Records from a collection
+===+

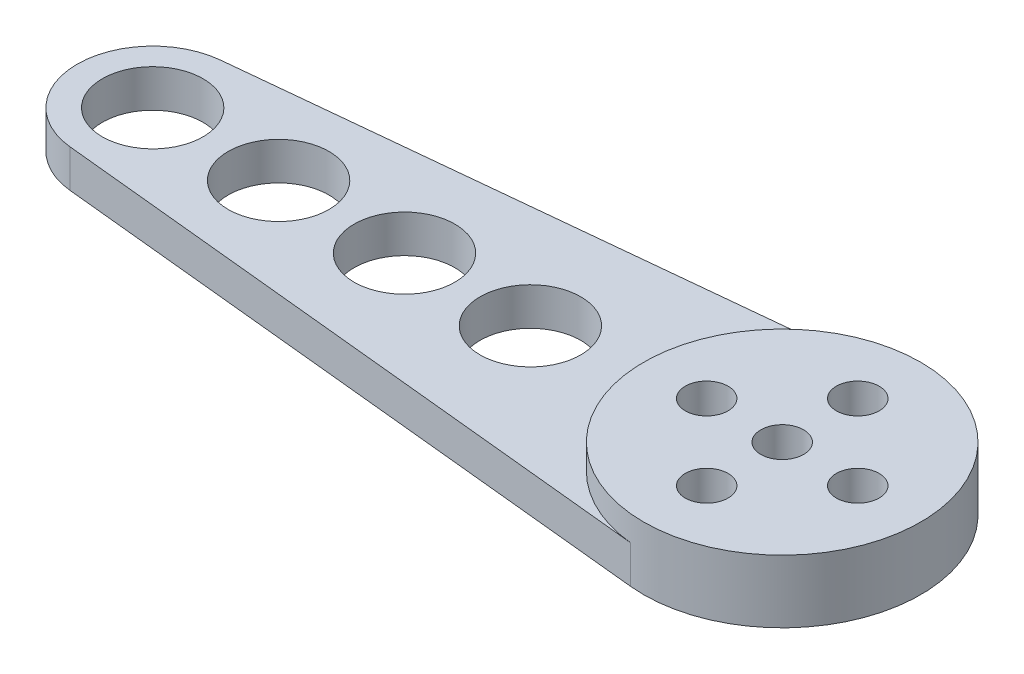
ISO-10303-21;
HEADER;
FILE_DESCRIPTION(('STEP AP214'),'2;1');
FILE_NAME('part.step','',(''),(''),'','','');
FILE_SCHEMA(('AUTOMOTIVE_DESIGN { 1 0 10303 214 1 1 1 1 }'));
ENDSEC;
DATA;
#1=APPLICATION_CONTEXT('core data for automotive mechanical design processes');
#2=APPLICATION_PROTOCOL_DEFINITION('international standard','automotive_design',2000,#1);
#3=PRODUCT_CONTEXT('',#1,'mechanical');
#4=PRODUCT('Part','Part','',(#3));
#5=PRODUCT_RELATED_PRODUCT_CATEGORY('part','',(#4));
#6=PRODUCT_DEFINITION_FORMATION('','',#4);
#7=PRODUCT_DEFINITION_CONTEXT('part definition',#1,'design');
#8=PRODUCT_DEFINITION('design','',#6,#7);
#9=PRODUCT_DEFINITION_SHAPE('','',#8);
#10=(LENGTH_UNIT() NAMED_UNIT(*) SI_UNIT(.MILLI.,.METRE.));
#11=(NAMED_UNIT(*) PLANE_ANGLE_UNIT() SI_UNIT($,.RADIAN.));
#12=(NAMED_UNIT(*) SI_UNIT($,.STERADIAN.) SOLID_ANGLE_UNIT());
#13=UNCERTAINTY_MEASURE_WITH_UNIT(LENGTH_MEASURE(1.E-05),#10,'distance_accuracy_value','');
#14=(GEOMETRIC_REPRESENTATION_CONTEXT(3) GLOBAL_UNCERTAINTY_ASSIGNED_CONTEXT((#13)) GLOBAL_UNIT_ASSIGNED_CONTEXT((#10,
#11,#12)) REPRESENTATION_CONTEXT('',''));
#15=CARTESIAN_POINT('',(0.,0.,0.));
#16=DIRECTION('',(0.,0.,1.));
#17=DIRECTION('',(1.,0.,0.));
#18=AXIS2_PLACEMENT_3D('',#15,#16,#17);
#19=CARTESIAN_POINT('',(-50.,3.,0.));
#20=DIRECTION('',(0.,1.,0.));
#21=DIRECTION('',(0.,0.,1.));
#22=AXIS2_PLACEMENT_3D('',#19,#20,#21);
#23=PLANE('',#22);
#24=CARTESIAN_POINT('',(0.,3.,0.));
#25=DIRECTION('',(0.,1.,0.));
#26=DIRECTION('',(0.,0.,1.));
#27=AXIS2_PLACEMENT_3D('',#24,#25,#26);
#28=CIRCLE('',#27,11.);
#29=CARTESIAN_POINT('',(-1.1,3.,-10.9448618081728));
#30=VERTEX_POINT('',#29);
#31=CARTESIAN_POINT('',(-1.1,3.,10.9448618081728));
#32=VERTEX_POINT('',#31);
#33=EDGE_CURVE('E174',#30,#32,#28,.T.);
#34=ORIENTED_EDGE('',*,*,#33,.F.);
#35=DIRECTION('',(-0.99498743710662,0.,0.1));
#36=VECTOR('',#35,1.);
#37=CARTESIAN_POINT('',(-50.6,3.,-5.96992462263971));
#38=LINE('',#37,#36);
#39=CARTESIAN_POINT('',(-50.6,3.,-5.96992462263971));
#40=VERTEX_POINT('',#39);
#41=EDGE_CURVE('E58',#30,#40,#38,.T.);
#42=ORIENTED_EDGE('',*,*,#41,.T.);
#43=CARTESIAN_POINT('',(-50.,3.,0.));
#44=DIRECTION('',(0.,1.,0.));
#45=DIRECTION('',(0.,0.,1.));
#46=AXIS2_PLACEMENT_3D('',#43,#44,#45);
#47=CIRCLE('',#46,6.);
#48=CARTESIAN_POINT('',(-50.6,3.,5.96992462263973));
#49=VERTEX_POINT('',#48);
#50=EDGE_CURVE('E205',#40,#49,#47,.T.);
#51=ORIENTED_EDGE('',*,*,#50,.T.);
#52=DIRECTION('',(0.99498743710662,0.,0.0999999999999999));
#53=VECTOR('',#52,1.);
#54=CARTESIAN_POINT('',(-50.6,3.,5.96992462263973));
#55=LINE('',#54,#53);
#56=EDGE_CURVE('E84',#49,#32,#55,.T.);
#57=ORIENTED_EDGE('',*,*,#56,.T.);
#58=EDGE_LOOP('',(#34,#42,#51,#57));
#59=FACE_BOUND('',#58,.T.);
#60=CARTESIAN_POINT('',(-30.,3.,0.));
#61=DIRECTION('',(0.,1.,0.));
#62=DIRECTION('',(0.,0.,1.));
#63=AXIS2_PLACEMENT_3D('',#60,#61,#62);
#64=CIRCLE('',#63,4.00000000000001);
#65=CARTESIAN_POINT('',(-30.,3.,4.00000000000001));
#66=VERTEX_POINT('',#65);
#67=EDGE_CURVE('E187',#66,#66,#64,.T.);
#68=ORIENTED_EDGE('',*,*,#67,.F.);
#69=EDGE_LOOP('',(#68));
#70=FACE_BOUND('',#69,.T.);
#71=CARTESIAN_POINT('',(-50.,3.,0.));
#72=DIRECTION('',(0.,1.,0.));
#73=DIRECTION('',(0.,0.,1.));
#74=AXIS2_PLACEMENT_3D('',#71,#72,#73);
#75=CIRCLE('',#74,4.00000000000001);
#76=CARTESIAN_POINT('',(-50.,3.,4.00000000000001));
#77=VERTEX_POINT('',#76);
#78=EDGE_CURVE('E199',#77,#77,#75,.T.);
#79=ORIENTED_EDGE('',*,*,#78,.F.);
#80=EDGE_LOOP('',(#79));
#81=FACE_BOUND('',#80,.T.);
#82=CARTESIAN_POINT('',(-40.,3.,0.));
#83=DIRECTION('',(0.,1.,0.));
#84=DIRECTION('',(0.,0.,1.));
#85=AXIS2_PLACEMENT_3D('',#82,#83,#84);
#86=CIRCLE('',#85,4.00000000000001);
#87=CARTESIAN_POINT('',(-40.,3.,4.00000000000001));
#88=VERTEX_POINT('',#87);
#89=EDGE_CURVE('E193',#88,#88,#86,.T.);
#90=ORIENTED_EDGE('',*,*,#89,.F.);
#91=EDGE_LOOP('',(#90));
#92=FACE_BOUND('',#91,.T.);
#93=CARTESIAN_POINT('',(-20.,3.,0.));
#94=DIRECTION('',(0.,1.,0.));
#95=DIRECTION('',(0.,0.,1.));
#96=AXIS2_PLACEMENT_3D('',#93,#94,#95);
#97=CIRCLE('',#96,4.00000000000001);
#98=CARTESIAN_POINT('',(-20.,3.,4.00000000000001));
#99=VERTEX_POINT('',#98);
#100=EDGE_CURVE('E181',#99,#99,#97,.T.);
#101=ORIENTED_EDGE('',*,*,#100,.F.);
#102=EDGE_LOOP('',(#101));
#103=FACE_BOUND('',#102,.T.);
#104=ADVANCED_FACE('F33',(#59,#70,#81,#92,#103),#23,.T.);
#105=CARTESIAN_POINT('',(-50.,0.,0.));
#106=DIRECTION('',(0.,1.,0.));
#107=DIRECTION('',(0.,0.,1.));
#108=AXIS2_PLACEMENT_3D('',#105,#106,#107);
#109=PLANE('',#108);
#110=DIRECTION('',(-1.,0.,0.));
#111=VECTOR('',#110,1.);
#112=CARTESIAN_POINT('',(-2.75,0.,2.75));
#113=LINE('',#112,#111);
#114=CARTESIAN_POINT('',(2.75,0.,2.75));
#115=VERTEX_POINT('',#114);
#116=CARTESIAN_POINT('',(-2.75,0.,2.75));
#117=VERTEX_POINT('',#116);
#118=EDGE_CURVE('E138',#115,#117,#113,.T.);
#119=ORIENTED_EDGE('',*,*,#118,.F.);
#120=DIRECTION('',(0.,0.,1.));
#121=VECTOR('',#120,1.);
#122=CARTESIAN_POINT('',(2.75,0.,-2.75));
#123=LINE('',#122,#121);
#124=CARTESIAN_POINT('',(2.75,0.,-2.75));
#125=VERTEX_POINT('',#124);
#126=EDGE_CURVE('E49',#125,#115,#123,.T.);
#127=ORIENTED_EDGE('',*,*,#126,.F.);
#128=DIRECTION('',(1.,0.,0.));
#129=VECTOR('',#128,1.);
#130=CARTESIAN_POINT('',(-2.75,0.,-2.75));
#131=LINE('',#130,#129);
#132=CARTESIAN_POINT('',(-2.75,0.,-2.75));
#133=VERTEX_POINT('',#132);
#134=EDGE_CURVE('E129',#133,#125,#131,.T.);
#135=ORIENTED_EDGE('',*,*,#134,.F.);
#136=DIRECTION('',(0.,0.,-1.));
#137=VECTOR('',#136,1.);
#138=CARTESIAN_POINT('',(-2.75,0.,-2.75));
#139=LINE('',#138,#137);
#140=EDGE_CURVE('E132',#117,#133,#139,.T.);
#141=ORIENTED_EDGE('',*,*,#140,.F.);
#142=EDGE_LOOP('',(#119,#127,#135,#141));
#143=FACE_BOUND('',#142,.T.);
#144=CARTESIAN_POINT('',(-5.99999999999983,0.,1.70530256582424E-13));
#145=DIRECTION('',(0.,1.,0.));
#146=DIRECTION('',(0.,0.,1.));
#147=AXIS2_PLACEMENT_3D('',#144,#145,#146);
#148=CIRCLE('',#147,1.70000000000027);
#149=CARTESIAN_POINT('',(-5.99999999999983,0.,1.70000000000044));
#150=VERTEX_POINT('',#149);
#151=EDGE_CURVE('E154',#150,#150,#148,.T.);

+===+

What you need to do
Copy nothing except the lines from the one with "#146=DIRECTION('',(0.,0.,1.));" through the end of the records; keep each exactly as it appears, first and last included.

Answer box
#146=DIRECTION('',(0.,0.,1.));
#147=AXIS2_PLACEMENT_3D('',#144,#145,#146);
#148=CIRCLE('',#147,1.70000000000027);
#149=CARTESIAN_POINT('',(-5.99999999999983,0.,1.70000000000044));
#150=VERTEX_POINT('',#149);
#151=EDGE_CURVE('E154',#150,#150,#148,.T.);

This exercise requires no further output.